# Définir dernier item sélectionné comme item par défaut



## Volodia Dimitri (23 Avril 2020)

Bonjour,

J'espère que quelqu'un va pouvoir m'aider car je n'ai rien trouvé sur la toile traitant de ce sujet
J'ai fait un menu déroulant sur Indesign en Applescript qui contient plusieurs item et qui se lance à l'ouverture d'un document Indesign.

A chaque ouverture de document, ce menu déroulant apparait et par défaut est sélectionné la première valeur (premier item).

Je voulais savoir s'il était possible qu'à chaque ouverture d'un nouveau document Indesign, le menu déroulant propose le dernier item utilisé ?

Autrement dit, le menu déroulant peut-il garder en mémoire le dernier item utilisé ?

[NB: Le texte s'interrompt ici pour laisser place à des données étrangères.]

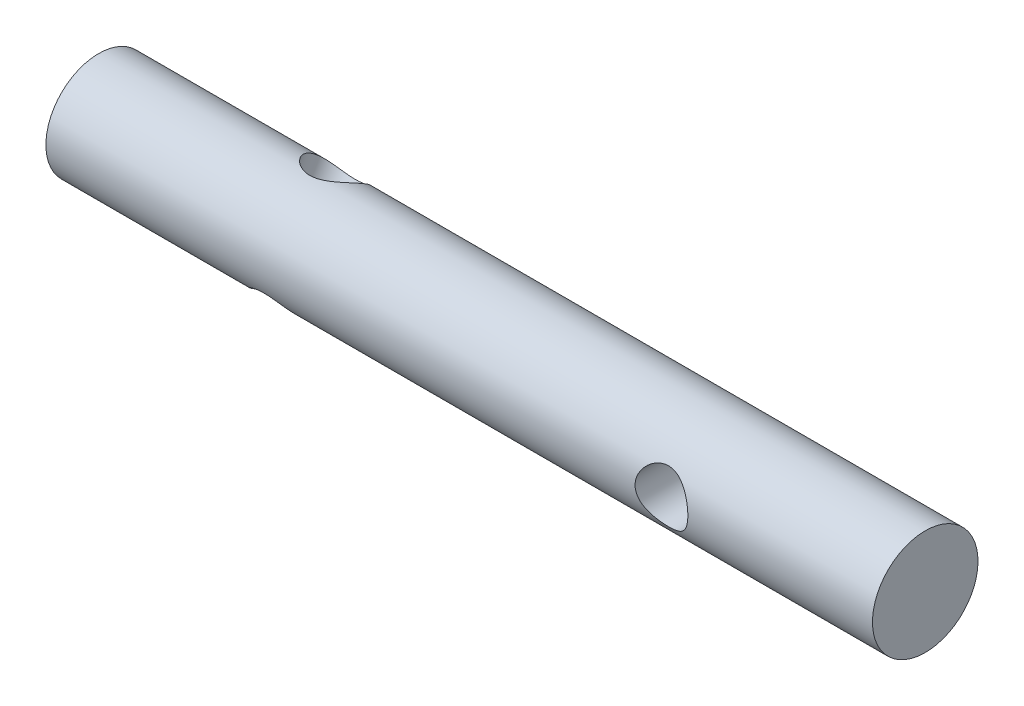
ISO-10303-21;
HEADER;
FILE_DESCRIPTION(('STEP AP214'),'2;1');
FILE_NAME('part.step','',(''),(''),'','','');
FILE_SCHEMA(('AUTOMOTIVE_DESIGN { 1 0 10303 214 1 1 1 1 }'));
ENDSEC;
DATA;
#1=APPLICATION_CONTEXT('core data for automotive mechanical design processes');
#2=APPLICATION_PROTOCOL_DEFINITION('international standard','automotive_design',2000,#1);
#3=PRODUCT_CONTEXT('',#1,'mechanical');
#4=PRODUCT('Part','Part','',(#3));
#5=PRODUCT_RELATED_PRODUCT_CATEGORY('part','',(#4));
#6=PRODUCT_DEFINITION_FORMATION('','',#4);
#7=PRODUCT_DEFINITION_CONTEXT('part definition',#1,'design');
#8=PRODUCT_DEFINITION('design','',#6,#7);
#9=PRODUCT_DEFINITION_SHAPE('','',#8);
#10=(LENGTH_UNIT() NAMED_UNIT(*) SI_UNIT(.MILLI.,.METRE.));
#11=(NAMED_UNIT(*) PLANE_ANGLE_UNIT() SI_UNIT($,.RADIAN.));
#12=(NAMED_UNIT(*) SI_UNIT($,.STERADIAN.) SOLID_ANGLE_UNIT());
#13=UNCERTAINTY_MEASURE_WITH_UNIT(LENGTH_MEASURE(1.E-05),#10,'distance_accuracy_value','');
#14=(GEOMETRIC_REPRESENTATION_CONTEXT(3) GLOBAL_UNCERTAINTY_ASSIGNED_CONTEXT((#13)) GLOBAL_UNIT_ASSIGNED_CONTEXT((#10,
#11,#12)) REPRESENTATION_CONTEXT('',''));
#15=CARTESIAN_POINT('',(0.,0.,0.));
#16=DIRECTION('',(0.,0.,1.));
#17=DIRECTION('',(1.,0.,0.));
#18=AXIS2_PLACEMENT_3D('',#15,#16,#17);
#19=CARTESIAN_POINT('',(23.5,0.,0.));
#20=DIRECTION('',(-1.,0.,0.));
#21=DIRECTION('',(0.,0.,1.));
#22=AXIS2_PLACEMENT_3D('',#19,#20,#21);
#23=CYLINDRICAL_SURFACE('',#22,3.);
#24=CARTESIAN_POINT('',(-11.5,-1.49999999999999,2.59807621135332));
#25=CARTESIAN_POINT('',(-11.4218382877071,-1.50000862495779,2.59807489163534));
#26=CARTESIAN_POINT('',(-11.3435778827124,-1.5061760913131,2.5945405203329));
#27=CARTESIAN_POINT('',(-11.1894591029843,-1.53024117474818,2.58041553106382));
#28=CARTESIAN_POINT('',(-11.1136061274349,-1.54816343991203,2.56981008531852));
#29=CARTESIAN_POINT('',(-10.9668225034841,-1.59396640241377,2.54164960362352));
#30=CARTESIAN_POINT('',(-10.8958680212896,-1.62179412158731,2.52413148619179));
#31=CARTESIAN_POINT('',(-10.7598636970049,-1.68537217841439,2.48212970182895));
#32=CARTESIAN_POINT('',(-10.6948141746063,-1.72112294465765,2.45764565806232));
#33=CARTESIAN_POINT('',(-10.5665414071637,-1.80168953690998,2.39928825432991));
#34=CARTESIAN_POINT('',(-10.5039112964897,-1.84700983188558,2.36480703823351));
#35=CARTESIAN_POINT('',(-10.3878874173899,-1.94208348109413,2.2873722217759));
#36=CARTESIAN_POINT('',(-10.3344982561247,-1.99183902794257,2.24441441804235));
#37=CARTESIAN_POINT('',(-10.2349492732785,-2.09685921277507,2.14677761574316));
#38=CARTESIAN_POINT('',(-10.1895193482107,-2.15226912728264,2.09150371252971));
#39=CARTESIAN_POINT('',(-10.1122887201314,-2.26255337256748,1.97166528686268));
#40=CARTESIAN_POINT('',(-10.0804794157942,-2.31742801990067,1.90710666216055));
#41=CARTESIAN_POINT('',(-10.0337430080484,-2.41999926836365,1.77485215024177));
#42=CARTESIAN_POINT('',(-10.0177757104667,-2.46792879153452,1.7077063502269));
#43=CARTESIAN_POINT('',(-9.99975082198745,-2.55874675688021,1.5683481287634));
#44=CARTESIAN_POINT('',(-9.99768481480644,-2.60163823378903,1.49613879970134));
#45=CARTESIAN_POINT('',(-10.0071200109555,-2.67737164944847,1.35554572990428));
#46=CARTESIAN_POINT('',(-10.0174570232818,-2.71076315078899,1.28737537231279));
#47=CARTESIAN_POINT('',(-10.049321265857,-2.77144236671133,1.15094836839947));
#48=CARTESIAN_POINT('',(-10.0708493334643,-2.7987296243312,1.08269171600203));
#49=CARTESIAN_POINT('',(-10.1246238491347,-2.84747758688166,0.94717164473698));
#50=CARTESIAN_POINT('',(-10.1570144697581,-2.86885245562036,0.879935033322773));
#51=CARTESIAN_POINT('',(-10.2313951243022,-2.90571806648624,0.749278055975659));
#52=CARTESIAN_POINT('',(-10.2733885949535,-2.92120669671257,0.685859066607907));
#53=CARTESIAN_POINT('',(-10.3703430272995,-2.94829088935395,0.558742216123417));
#54=CARTESIAN_POINT('',(-10.426154542489,-2.95938005266745,0.495584669819372));
#55=CARTESIAN_POINT('',(-10.5468845873953,-2.97671044952062,0.377816479613451));
#56=CARTESIAN_POINT('',(-10.6118100584111,-2.98294796407822,0.323212417851254));
#57=CARTESIAN_POINT('',(-10.7539722886361,-2.99227023377267,0.221560607904281));
#58=CARTESIAN_POINT('',(-10.8317290345813,-2.99512962226658,0.175212918700935));
#59=CARTESIAN_POINT('',(-10.9944065070385,-2.99867364292841,0.0974084034876274));
#60=CARTESIAN_POINT('',(-11.0793196495263,-2.99936054836896,0.0659360413893476));
#61=CARTESIAN_POINT('',(-11.2468217669242,-2.99999226031255,0.0222000573363196));
#62=CARTESIAN_POINT('',(-11.3290616785653,-2.99999156123136,0.00861186912431814));
#63=CARTESIAN_POINT('',(-11.4946020122748,-3.00000545022047,-0.00262428191709279));
#64=CARTESIAN_POINT('',(-11.5779016436797,-3.00002002748602,-0.000283504650606316));
#65=CARTESIAN_POINT('',(-11.7334808778681,-2.99995130492038,0.0189620158629173));
#66=CARTESIAN_POINT('',(-11.8059691766619,-2.99987853752529,0.0342455816704168));
#67=CARTESIAN_POINT('',(-11.9475516794064,-2.99910450282201,0.076219270443925));
#68=CARTESIAN_POINT('',(-12.0166447761199,-2.99840303189826,0.10291308733468));
#69=CARTESIAN_POINT('',(-12.153116996354,-2.99548924870391,0.16774709010822));
#70=CARTESIAN_POINT('',(-12.2202685252803,-2.99320846621349,0.206360156164835));
#71=CARTESIAN_POINT('',(-12.3482039073085,-2.98599270210303,0.292792513845168));
#72=CARTESIAN_POINT('',(-12.4089844652699,-2.98105635500875,0.340616533553197));
#73=CARTESIAN_POINT('',(-12.5304681512853,-2.96657996164929,0.450372735397793));
#74=CARTESIAN_POINT('',(-12.5901957260765,-2.95653803437976,0.513323404573123));
#75=CARTESIAN_POINT('',(-12.6991183569904,-2.93026376448239,0.646661329675235));
#76=CARTESIAN_POINT('',(-12.7483098553458,-2.91402933593293,0.717051085649247));
#77=CARTESIAN_POINT('',(-12.8358605889252,-2.8736660177982,0.864905303918102));
#78=CARTESIAN_POINT('',(-12.8738996773164,-2.84934008652963,0.942507452248859));
#79=CARTESIAN_POINT('',(-12.9357068557861,-2.79222195919353,1.10023034944633));
#80=CARTESIAN_POINT('',(-12.9594874770495,-2.75943723357327,1.18034882144499));
#81=CARTESIAN_POINT('',(-12.990052846262,-2.68899177768552,1.3325548653702));
#82=CARTESIAN_POINT('',(-12.9981968138142,-2.65205443487768,1.40470481159923));
#83=CARTESIAN_POINT('',(-13.0012648981816,-2.57227901151692,1.54594597206357));
#84=CARTESIAN_POINT('',(-12.9961936427853,-2.52944300157156,1.61503824843522));
#85=CARTESIAN_POINT('',(-12.9738753898066,-2.44242264231303,1.74361895509488));
#86=CARTESIAN_POINT('',(-12.9574527261135,-2.39851313854504,1.80344022145819));
#87=CARTESIAN_POINT('',(-12.9140095010455,-2.30851597393175,1.91729585296855));
#88=CARTESIAN_POINT('',(-12.8869874198598,-2.26242800155784,1.97132938681917));
#89=CARTESIAN_POINT('',(-12.821909421751,-2.16780033494524,2.07503760165361));
#90=CARTESIAN_POINT('',(-12.7834310151882,-2.11924008859603,2.12442700907887));
#91=CARTESIAN_POINT('',(-12.6970631037114,-2.02353053115523,2.21578630362708));
#92=CARTESIAN_POINT('',(-12.6491692763265,-1.97638187960329,2.25775276611944));
#93=CARTESIAN_POINT('',(-12.539804291466,-1.8808922217153,2.33805741522681));
#94=CARTESIAN_POINT('',(-12.4774562687842,-1.83289952499329,2.37561886789369));
#95=CARTESIAN_POINT('',(-12.3438239183053,-1.74357127017655,2.44193825832237));
#96=CARTESIAN_POINT('',(-12.2725317686985,-1.70224161222176,2.47068841372991));
#97=CARTESIAN_POINT('',(-12.1200450301286,-1.62795939102566,2.52027978123214));
#98=CARTESIAN_POINT('',(-12.0386087033069,-1.59531283502097,2.54084234346503));
#99=CARTESIAN_POINT('',(-11.8700013934903,-1.54341897250758,2.57270461210165));
#100=CARTESIAN_POINT('',(-11.782850666631,-1.52412686979804,2.58403530875992));
#101=CARTESIAN_POINT('',(-11.662291966522,-1.50843611970246,2.59319017875699));
#102=CARTESIAN_POINT('',(-11.6299481584032,-1.50528059539496,2.59502139928294));
#103=CARTESIAN_POINT('',(-11.5650752789766,-1.50106066990054,2.59746473112138));
#104=CARTESIAN_POINT('',(-11.5325461954212,-1.49999640860525,2.59807676087813));
#105=CARTESIAN_POINT('',(-11.5,-1.49999999999999,2.59807621135332));
#106=B_SPLINE_CURVE_WITH_KNOTS('',3,(#24,#25,#26,#27,#28,#29,#30,#31,#32,#33,#34,#35,#36,#37,
#38,#39,#40,#41,#42,#43,#44,#45,#46,#47,#48,#49,#50,#51,#52,#53,#54,#55,#56,#57,#58,#59,#60,#61,
#62,#63,#64,#65,#66,#67,#68,#69,#70,#71,#72,#73,#74,#75,#76,#77,#78,#79,#80,#81,#82,#83,#84,#85,
#86,#87,#88,#89,#90,#91,#92,#93,#94,#95,#96,#97,#98,#99,#100,#101,#102,#103,#104,#105),
.UNSPECIFIED.,.T.,.F.,(4,2,2,2,2,2,2,2,2,2,2,2,2,2,2,2,2,2,2,2,2,2,2,2,2,2,2,2,2,2,2,2,2,2,2,2,
2,2,2,2,4),(0.,0.234348183892073,0.469189339237207,0.702792893878327,0.936409088167724,
1.18929346874735,1.44230356626557,1.71236838358145,1.98226240445837,2.23295227451903,
2.4834903552906,2.71224146226808,2.94100968776183,3.1729430209672,3.40495949025408,
3.65890787185336,3.91305072368878,4.18333262594173,4.45333161317557,4.70193436281318,
4.9503613978256,5.17161275136038,5.39293578654095,5.62450944609132,5.85620229330071,
6.1171011537092,6.37808797467303,6.64596272119449,6.91360169713158,7.1566840558423,
7.39968130190958,7.62666637307239,7.8536840026802,8.09041126079208,8.32724745151079,
8.58765362775102,8.84828914267732,9.11716123557908,9.38512699504141,9.48270202777964,
9.58028358741811),.UNSPECIFIED.);
#107=CARTESIAN_POINT('',(-11.5,-1.49999999999999,2.59807621135332));
#108=VERTEX_POINT('',#107);
#109=EDGE_CURVE('E47',#108,#108,#106,.T.);
#110=ORIENTED_EDGE('',*,*,#109,.T.);
#111=EDGE_LOOP('',(#110));
#112=FACE_BOUND('',#111,.T.);
#113=CARTESIAN_POINT('',(-11.5,3.,0.));
#114=CARTESIAN_POINT('',(-11.5781617122929,3.0000031695696,-8.12929157027599E-06));
#115=CARTESIAN_POINT('',(-11.6564221172876,3.00002604741293,-0.00711649748346975));
#116=CARTESIAN_POINT('',(-11.8105408970157,2.99982598959527,-0.0350199657169843));
#117=CARTESIAN_POINT('',(-11.8863938725651,2.99960253674331,-0.0558438255148888));
#118=CARTESIAN_POINT('',(-12.0331774965159,2.9981163254635,-0.109590595457481));
#119=CARTESIAN_POINT('',(-12.1041319787104,2.99685905032792,-0.142449165907009));
#120=CARTESIAN_POINT('',(-12.2401363029951,2.99227346647896,-0.218510270423935));
#121=CARTESIAN_POINT('',(-12.3051858253937,2.98894504571132,-0.261713364078666));
#122=CARTESIAN_POINT('',(-12.4334585928363,2.97868934770631,-0.360664781531734));
#123=CARTESIAN_POINT('',(-12.4960887035103,2.97148788610125,-0.417153916335811));
#124=CARTESIAN_POINT('',(-12.6121125826101,2.95196419251584,-0.538207520009709));
#125=CARTESIAN_POINT('',(-12.6655017438753,2.93963941661602,-0.602775989426423));
#126=CARTESIAN_POINT('',(-12.7650507267215,2.9075935578969,-0.742544538551094));
#127=CARTESIAN_POINT('',(-12.8104806517893,2.88742991080151,-0.818167883742899));
#128=CARTESIAN_POINT('',(-12.8877112798686,2.83878891246674,-0.973596054630283));
#129=CARTESIAN_POINT('',(-12.9195205842058,2.81031682710791,-1.0533982055956));
#130=CARTESIAN_POINT('',(-12.9662569919516,2.74706668425262,-1.20835476842182));
#131=CARTESIAN_POINT('',(-12.9822242895333,2.71288147726775,-1.2834358530865));
#132=CARTESIAN_POINT('',(-13.0002491780126,2.63760269992698,-1.43176562892763));
#133=CARTESIAN_POINT('',(-13.0023151851936,2.59651332502342,-1.50501540206753));
#134=CARTESIAN_POINT('',(-12.9928799890445,2.51262286281284,-1.6408989988425));
#135=CARTESIAN_POINT('',(-12.9825429767182,2.4702813520238,-1.70390206606964));
#136=CARTESIAN_POINT('',(-12.950678734143,2.38247170883384,-1.82466531049676));
#137=CARTESIAN_POINT('',(-12.9291506665357,2.3370033426903,-1.8824250949939));
#138=CARTESIAN_POINT('',(-12.8753761508653,2.24401349952733,-1.99240210457786));
#139=CARTESIAN_POINT('',(-12.8429855302419,2.19647232034759,-2.04453158961524));
#140=CARTESIAN_POINT('',(-12.7686048756978,2.10175286421624,-2.14178663382467));
#141=CARTESIAN_POINT('',(-12.7266114050465,2.0545747234546,-2.18690967575438));
#142=CARTESIAN_POINT('',(-12.6296569727005,1.95803039800665,-2.27392369986504));
#143=CARTESIAN_POINT('',(-12.573845457511,1.90887894012341,-2.31510597015328));
#144=CARTESIAN_POINT('',(-12.4531154126047,1.81555389407394,-2.38899862918875));
#145=CARTESIAN_POINT('',(-12.3881899415889,1.77138414671687,-2.4217025061332));
#146=CARTESIAN_POINT('',(-12.2460277113639,1.68801223180934,-2.48060173348301));
#147=CARTESIAN_POINT('',(-12.1682709654187,1.6493036497995,-2.5062518811597));
#148=CARTESIAN_POINT('',(-12.0055934929615,1.58369497342655,-2.54822335069103));
#149=CARTESIAN_POINT('',(-11.9206803504737,1.55678256105261,-2.56455440930168));
#150=CARTESIAN_POINT('',(-11.7531782330758,1.51922194377497,-2.58696947991922));
#151=CARTESIAN_POINT('',(-11.6709383214347,1.50745387805138,-2.59376296860315));
#152=CARTESIAN_POINT('',(-11.5053979877252,1.49773003030331,-2.59939307234126));
#153=CARTESIAN_POINT('',(-11.4220983563203,1.49976449151347,-2.5982353079903));
#154=CARTESIAN_POINT('',(-11.2665191221319,1.51639723990441,-2.58855303224588));
#155=CARTESIAN_POINT('',(-11.1940308233381,1.52959681245658,-2.58084823092942));
#156=CARTESIAN_POINT('',(-11.0524483205936,1.56556007587334,-2.55919105282621));
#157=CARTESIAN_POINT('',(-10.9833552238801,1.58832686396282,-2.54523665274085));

Je ne sais pas trop comment procédé, j'ai même essayé de copier l'item sélectionné dans un fichier texte et je voulais indiquer au menu déroulant qu'il fallait afficher la prochain fois cet item mais là je bloque.

Quelqu'un peut m'aider ?

Merci.


----------



## Volodia Dimitri (23 Avril 2020)

Complément d'info :
Pour info, je fais appel à un fichier .csv (qui est sur mon bureau) qui contient les données de mes items.
Je voudrais que dans le menu déroulant s'affiche de dernier item de la colonne_A utilisé précédemment.
Ci-dessous mon code actuel :


tell application "Finder"
    set the_file to ((path to desktop as text) & "Formats_Pubs.csv") as alias
end tell

set my_data to read the_file
set my_list to paragraphs of my_data as list

set ColumnA_list to {}
set ColumnC_list to {}
set ColumnD_list to {}


set oldDelims to AppleScript's text item delimiters
set AppleScript's text item delimiters to ";"



repeat with an_item in my_list
    try
        set end of ColumnA_list to text item 1 of an_item
        set end of ColumnC_list to text item 3 of an_item
        set end of ColumnD_list to text item 4 of an_item
    end try
end repeat

set AppleScript's text item delimiters to oldDelims


tell application "Adobe InDesign CC 2018"

    activate

    set varDropDownList to ColumnA_list
    set varSelectedIndex to 1
    set varMinimumWidth to 150
    set myEventNames to {"afterNew", "afterUpdate", "afterInvoke", "afterActivate", "afterContextChanged", "afterSelectionAttributeChanged", "afterSelectionChanged", "beforeUpdate"}
    set myDialog to make dialog with properties {name:"CHOIX DU FORMAT :"}

    tell myDialog
    tell (make dialog column)
    tell (make border panel)
    tell (make dialog column)
    tell (make dialog row)

---- DRODPDOWN
    make static text with properties {static label:"LISTE DES FORMATS : "}
    set varDropDown to make dropdown with properties {string list:varDropDownList, selected indexvarSelectedIndex - 1), min width:varMinimumWidth}
    tell varDropDown
    repeat with myEventName in myEventNames
    make event listener with properties {event type:myEventName, handler:my dropdownchange}
    end repeat
    end tell
    end tell
    end tell
    end tell
    end tell
    end tell

    --get the results
    set myResult to show myDialog
    if myResult = true then
        -- varDropDown Handler (Dropdown)
        set varSelectedIndex to ((selected index of varDropDown) + 1)
        set varDropDownListChoice to item varSelectedIndex of varDropDownList as item
    end if
    destroy myDialog
end tell

on dropdownchange()
    tell application "Adobe InDesign CC 2018"
        set myEvent to evt
        display dialog ("This event is the " & event type of myEvent & " event.")
    end tell
end dropdownchange

set the_position to indexof(varDropDownListChoice, ColumnA_list)
if the_position is 0 then
    tell application "Finder"
        activate
        display dialog "The search term does not exist in Column D."
    end tell
    return
end if


if the_position is 1 then
    tell application "Finder"
        activate
        display dialog "Veuillez choisir un format valable"
    end tell
    return
end if


on indexof(theItem, theList)
    set text item delimiters to return
    set theList to return & theList & return
    set text item delimiters to {""}
    try
        -1 + (count (paragraphs of (text 1 thru (offset of (return & theItem & return) in theList) of theList)))
    on error
        0
    end try

end indexof


----------